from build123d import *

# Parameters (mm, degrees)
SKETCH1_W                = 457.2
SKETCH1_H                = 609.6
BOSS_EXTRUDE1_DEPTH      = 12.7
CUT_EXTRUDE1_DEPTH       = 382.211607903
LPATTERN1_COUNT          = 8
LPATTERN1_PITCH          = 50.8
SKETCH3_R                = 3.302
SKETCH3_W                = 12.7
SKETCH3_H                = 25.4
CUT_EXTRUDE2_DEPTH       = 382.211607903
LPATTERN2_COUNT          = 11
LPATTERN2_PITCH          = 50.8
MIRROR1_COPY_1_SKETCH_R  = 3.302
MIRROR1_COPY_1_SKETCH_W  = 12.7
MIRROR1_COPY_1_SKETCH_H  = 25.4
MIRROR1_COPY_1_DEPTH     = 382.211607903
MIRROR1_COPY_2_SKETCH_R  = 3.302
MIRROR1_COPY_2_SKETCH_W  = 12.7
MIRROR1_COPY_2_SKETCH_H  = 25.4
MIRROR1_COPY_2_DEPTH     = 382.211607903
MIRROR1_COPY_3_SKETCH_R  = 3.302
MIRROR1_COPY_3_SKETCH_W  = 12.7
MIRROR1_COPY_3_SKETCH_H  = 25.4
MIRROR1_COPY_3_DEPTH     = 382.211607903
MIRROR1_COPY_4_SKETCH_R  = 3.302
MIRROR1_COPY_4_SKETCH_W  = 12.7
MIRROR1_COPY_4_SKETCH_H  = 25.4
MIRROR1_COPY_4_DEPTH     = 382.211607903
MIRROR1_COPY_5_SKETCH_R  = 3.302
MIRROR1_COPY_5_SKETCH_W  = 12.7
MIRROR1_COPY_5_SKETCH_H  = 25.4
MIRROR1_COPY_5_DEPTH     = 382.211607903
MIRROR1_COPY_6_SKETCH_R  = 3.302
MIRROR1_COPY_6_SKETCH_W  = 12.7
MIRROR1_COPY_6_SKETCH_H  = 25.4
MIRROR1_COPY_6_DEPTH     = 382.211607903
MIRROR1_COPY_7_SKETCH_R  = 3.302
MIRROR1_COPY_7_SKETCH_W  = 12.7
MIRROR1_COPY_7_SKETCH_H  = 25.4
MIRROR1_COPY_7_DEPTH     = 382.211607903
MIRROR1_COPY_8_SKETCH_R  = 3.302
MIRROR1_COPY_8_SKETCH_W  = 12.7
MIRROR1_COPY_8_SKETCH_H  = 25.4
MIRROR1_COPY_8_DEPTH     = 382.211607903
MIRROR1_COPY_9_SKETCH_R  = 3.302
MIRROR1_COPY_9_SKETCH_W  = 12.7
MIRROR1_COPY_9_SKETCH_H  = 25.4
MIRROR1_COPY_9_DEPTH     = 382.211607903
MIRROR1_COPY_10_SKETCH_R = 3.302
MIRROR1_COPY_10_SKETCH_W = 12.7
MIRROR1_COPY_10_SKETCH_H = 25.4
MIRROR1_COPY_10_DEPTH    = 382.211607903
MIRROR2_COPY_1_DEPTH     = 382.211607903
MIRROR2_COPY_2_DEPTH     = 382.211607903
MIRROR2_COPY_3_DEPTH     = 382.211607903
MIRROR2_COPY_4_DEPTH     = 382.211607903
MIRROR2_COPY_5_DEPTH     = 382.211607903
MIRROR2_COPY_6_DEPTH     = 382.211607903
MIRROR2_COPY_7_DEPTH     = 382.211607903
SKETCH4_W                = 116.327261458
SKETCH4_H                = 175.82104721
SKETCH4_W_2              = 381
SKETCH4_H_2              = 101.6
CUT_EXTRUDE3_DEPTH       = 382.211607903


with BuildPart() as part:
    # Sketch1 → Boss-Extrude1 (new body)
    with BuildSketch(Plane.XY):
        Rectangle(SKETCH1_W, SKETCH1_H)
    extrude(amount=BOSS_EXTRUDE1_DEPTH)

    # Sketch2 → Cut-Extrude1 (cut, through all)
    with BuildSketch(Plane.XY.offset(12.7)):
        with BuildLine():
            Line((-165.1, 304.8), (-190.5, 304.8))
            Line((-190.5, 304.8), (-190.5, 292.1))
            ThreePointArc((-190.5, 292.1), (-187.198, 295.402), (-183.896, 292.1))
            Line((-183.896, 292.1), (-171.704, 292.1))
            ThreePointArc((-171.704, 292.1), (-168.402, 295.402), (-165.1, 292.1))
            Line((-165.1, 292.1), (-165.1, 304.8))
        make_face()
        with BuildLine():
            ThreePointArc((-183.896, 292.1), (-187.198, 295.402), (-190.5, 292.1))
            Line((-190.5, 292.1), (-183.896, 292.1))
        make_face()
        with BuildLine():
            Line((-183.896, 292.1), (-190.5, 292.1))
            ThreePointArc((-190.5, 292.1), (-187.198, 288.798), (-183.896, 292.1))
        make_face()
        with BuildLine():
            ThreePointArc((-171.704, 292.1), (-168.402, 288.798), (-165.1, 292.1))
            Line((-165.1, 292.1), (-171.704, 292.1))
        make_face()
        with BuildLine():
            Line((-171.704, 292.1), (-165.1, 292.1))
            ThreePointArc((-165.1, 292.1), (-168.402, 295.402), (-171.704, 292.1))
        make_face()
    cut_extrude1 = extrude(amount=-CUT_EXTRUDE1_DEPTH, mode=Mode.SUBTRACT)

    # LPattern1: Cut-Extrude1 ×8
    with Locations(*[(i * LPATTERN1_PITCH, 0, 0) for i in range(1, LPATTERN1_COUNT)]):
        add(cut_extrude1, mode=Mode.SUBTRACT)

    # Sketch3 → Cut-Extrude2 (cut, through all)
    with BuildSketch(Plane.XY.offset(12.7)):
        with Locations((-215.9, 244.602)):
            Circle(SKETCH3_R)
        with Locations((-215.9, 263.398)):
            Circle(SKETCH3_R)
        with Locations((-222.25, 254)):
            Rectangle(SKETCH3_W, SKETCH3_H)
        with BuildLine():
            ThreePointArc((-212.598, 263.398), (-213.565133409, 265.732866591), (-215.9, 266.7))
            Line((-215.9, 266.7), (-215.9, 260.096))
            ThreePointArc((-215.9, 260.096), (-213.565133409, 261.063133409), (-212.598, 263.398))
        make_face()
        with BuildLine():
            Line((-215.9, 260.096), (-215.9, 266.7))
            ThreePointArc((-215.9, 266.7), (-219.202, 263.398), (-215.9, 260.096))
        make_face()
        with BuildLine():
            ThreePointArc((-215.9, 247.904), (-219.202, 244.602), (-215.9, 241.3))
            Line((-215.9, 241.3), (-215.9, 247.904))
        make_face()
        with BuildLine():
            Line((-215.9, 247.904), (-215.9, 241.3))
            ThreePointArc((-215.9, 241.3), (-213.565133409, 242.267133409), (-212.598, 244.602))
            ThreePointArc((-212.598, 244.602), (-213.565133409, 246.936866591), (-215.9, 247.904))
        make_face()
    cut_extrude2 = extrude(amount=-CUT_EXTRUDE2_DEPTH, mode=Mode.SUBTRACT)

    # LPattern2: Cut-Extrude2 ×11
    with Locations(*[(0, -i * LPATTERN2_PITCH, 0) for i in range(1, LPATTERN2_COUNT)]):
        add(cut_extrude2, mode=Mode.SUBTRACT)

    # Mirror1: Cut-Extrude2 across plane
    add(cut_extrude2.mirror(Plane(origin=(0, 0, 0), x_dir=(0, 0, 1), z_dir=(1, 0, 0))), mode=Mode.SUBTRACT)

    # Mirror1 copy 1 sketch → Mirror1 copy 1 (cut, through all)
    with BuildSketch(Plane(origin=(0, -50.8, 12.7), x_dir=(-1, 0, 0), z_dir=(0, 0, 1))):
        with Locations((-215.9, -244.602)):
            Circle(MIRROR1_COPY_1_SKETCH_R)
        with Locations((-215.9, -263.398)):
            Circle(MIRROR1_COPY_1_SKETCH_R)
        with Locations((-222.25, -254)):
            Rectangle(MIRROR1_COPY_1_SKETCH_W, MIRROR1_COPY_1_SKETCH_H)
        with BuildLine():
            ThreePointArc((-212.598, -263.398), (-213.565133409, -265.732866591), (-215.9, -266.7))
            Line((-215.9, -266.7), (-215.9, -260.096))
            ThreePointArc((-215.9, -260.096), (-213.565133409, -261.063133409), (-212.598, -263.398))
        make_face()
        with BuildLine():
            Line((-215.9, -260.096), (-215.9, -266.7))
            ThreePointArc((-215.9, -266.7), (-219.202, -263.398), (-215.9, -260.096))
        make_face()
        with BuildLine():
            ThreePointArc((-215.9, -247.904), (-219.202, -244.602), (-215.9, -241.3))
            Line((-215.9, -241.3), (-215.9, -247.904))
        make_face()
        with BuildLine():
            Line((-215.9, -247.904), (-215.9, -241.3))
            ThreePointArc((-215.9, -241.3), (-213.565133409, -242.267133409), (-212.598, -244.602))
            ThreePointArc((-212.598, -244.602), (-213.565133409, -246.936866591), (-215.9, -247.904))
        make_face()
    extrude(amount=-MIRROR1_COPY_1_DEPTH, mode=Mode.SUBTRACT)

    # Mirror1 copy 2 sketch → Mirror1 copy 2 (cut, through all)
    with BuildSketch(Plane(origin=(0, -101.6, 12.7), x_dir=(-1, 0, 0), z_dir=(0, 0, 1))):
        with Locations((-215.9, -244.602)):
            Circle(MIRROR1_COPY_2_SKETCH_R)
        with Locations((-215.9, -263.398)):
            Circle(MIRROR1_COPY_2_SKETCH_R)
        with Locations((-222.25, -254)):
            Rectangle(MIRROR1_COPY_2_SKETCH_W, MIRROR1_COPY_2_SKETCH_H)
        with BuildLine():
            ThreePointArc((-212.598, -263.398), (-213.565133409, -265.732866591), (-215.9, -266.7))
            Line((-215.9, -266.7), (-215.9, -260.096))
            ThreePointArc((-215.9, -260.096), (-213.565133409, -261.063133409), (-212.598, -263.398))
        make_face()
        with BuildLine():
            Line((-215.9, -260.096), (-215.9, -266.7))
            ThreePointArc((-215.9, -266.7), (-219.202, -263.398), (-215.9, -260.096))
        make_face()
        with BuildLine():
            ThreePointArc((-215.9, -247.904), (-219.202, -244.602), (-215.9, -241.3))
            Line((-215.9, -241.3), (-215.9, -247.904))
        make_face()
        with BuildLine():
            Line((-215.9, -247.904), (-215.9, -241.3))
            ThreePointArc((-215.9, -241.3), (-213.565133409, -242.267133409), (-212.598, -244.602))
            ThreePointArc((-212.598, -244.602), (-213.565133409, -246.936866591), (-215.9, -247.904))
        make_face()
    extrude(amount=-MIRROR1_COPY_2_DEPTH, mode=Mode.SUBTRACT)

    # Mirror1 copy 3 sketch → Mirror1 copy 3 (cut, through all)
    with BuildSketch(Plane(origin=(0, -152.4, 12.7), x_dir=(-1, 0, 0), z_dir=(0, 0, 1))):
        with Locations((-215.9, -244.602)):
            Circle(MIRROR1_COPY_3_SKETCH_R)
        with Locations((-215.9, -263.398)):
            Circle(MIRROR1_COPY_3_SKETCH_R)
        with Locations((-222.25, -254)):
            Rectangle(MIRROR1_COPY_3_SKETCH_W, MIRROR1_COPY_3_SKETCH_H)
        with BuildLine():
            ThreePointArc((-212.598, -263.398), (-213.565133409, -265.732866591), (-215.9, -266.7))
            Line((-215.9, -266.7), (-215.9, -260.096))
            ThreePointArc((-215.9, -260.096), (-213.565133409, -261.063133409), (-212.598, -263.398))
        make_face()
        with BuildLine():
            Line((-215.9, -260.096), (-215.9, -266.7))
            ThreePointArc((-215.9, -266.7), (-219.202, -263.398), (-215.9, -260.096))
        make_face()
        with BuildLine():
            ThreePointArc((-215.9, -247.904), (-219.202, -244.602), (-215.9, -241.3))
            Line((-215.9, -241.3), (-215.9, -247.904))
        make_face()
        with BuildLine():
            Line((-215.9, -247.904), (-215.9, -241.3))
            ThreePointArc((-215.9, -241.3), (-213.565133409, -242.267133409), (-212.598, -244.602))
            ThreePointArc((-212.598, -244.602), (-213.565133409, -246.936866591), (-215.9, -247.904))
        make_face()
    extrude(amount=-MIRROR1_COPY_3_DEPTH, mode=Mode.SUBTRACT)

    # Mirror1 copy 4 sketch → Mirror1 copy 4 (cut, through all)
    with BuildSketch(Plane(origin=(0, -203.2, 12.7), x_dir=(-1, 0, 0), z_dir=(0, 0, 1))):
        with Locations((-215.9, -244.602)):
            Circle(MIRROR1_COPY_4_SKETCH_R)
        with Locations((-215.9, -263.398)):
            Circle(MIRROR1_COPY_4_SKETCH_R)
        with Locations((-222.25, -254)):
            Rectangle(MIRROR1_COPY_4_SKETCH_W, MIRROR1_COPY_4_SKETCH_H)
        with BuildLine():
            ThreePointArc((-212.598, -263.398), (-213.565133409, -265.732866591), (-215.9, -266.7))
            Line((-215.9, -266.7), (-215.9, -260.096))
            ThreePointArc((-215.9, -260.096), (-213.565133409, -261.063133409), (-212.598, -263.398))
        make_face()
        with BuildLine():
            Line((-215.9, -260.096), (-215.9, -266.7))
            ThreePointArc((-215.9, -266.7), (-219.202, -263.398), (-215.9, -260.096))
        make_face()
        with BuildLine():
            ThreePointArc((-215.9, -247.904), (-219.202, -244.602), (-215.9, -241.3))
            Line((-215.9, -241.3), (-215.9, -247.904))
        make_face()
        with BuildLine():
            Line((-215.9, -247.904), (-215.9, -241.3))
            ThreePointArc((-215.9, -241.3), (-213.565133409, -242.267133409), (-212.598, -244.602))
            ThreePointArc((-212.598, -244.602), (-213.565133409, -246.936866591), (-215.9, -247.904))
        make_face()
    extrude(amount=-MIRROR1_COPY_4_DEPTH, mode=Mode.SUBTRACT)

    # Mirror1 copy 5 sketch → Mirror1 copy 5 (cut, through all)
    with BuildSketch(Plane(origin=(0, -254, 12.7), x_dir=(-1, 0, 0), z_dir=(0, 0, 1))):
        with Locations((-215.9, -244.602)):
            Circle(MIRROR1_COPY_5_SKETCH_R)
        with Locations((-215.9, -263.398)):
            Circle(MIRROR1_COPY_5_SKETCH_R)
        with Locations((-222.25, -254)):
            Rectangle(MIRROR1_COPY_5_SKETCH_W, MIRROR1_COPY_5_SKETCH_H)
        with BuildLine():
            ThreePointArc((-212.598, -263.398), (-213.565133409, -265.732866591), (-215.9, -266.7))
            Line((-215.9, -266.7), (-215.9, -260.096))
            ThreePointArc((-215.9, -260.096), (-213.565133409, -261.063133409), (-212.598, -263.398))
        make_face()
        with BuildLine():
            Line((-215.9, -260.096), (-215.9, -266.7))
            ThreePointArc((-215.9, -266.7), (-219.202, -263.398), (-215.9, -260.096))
■ ■ ■ ■
- Work item
From the entries above, copy every line that holds the word "Rectangle".

- Task solution
        Rectangle(SKETCH1_W, SKETCH1_H)
            Rectangle(SKETCH3_W, SKETCH3_H)
            Rectangle(MIRROR1_COPY_1_SKETCH_W, MIRROR1_COPY_1_SKETCH_H)
            Rectangle(MIRROR1_COPY_2_SKETCH_W, MIRROR1_COPY_2_SKETCH_H)
            Rectangle(MIRROR1_COPY_3_SKETCH_W, MIRROR1_COPY_3_SKETCH_H)
            Rectangle(MIRROR1_COPY_4_SKETCH_W, MIRROR1_COPY_4_SKETCH_H)
            Rectangle(MIRROR1_COPY_5_SKETCH_W, MIRROR1_COPY_5_SKETCH_H)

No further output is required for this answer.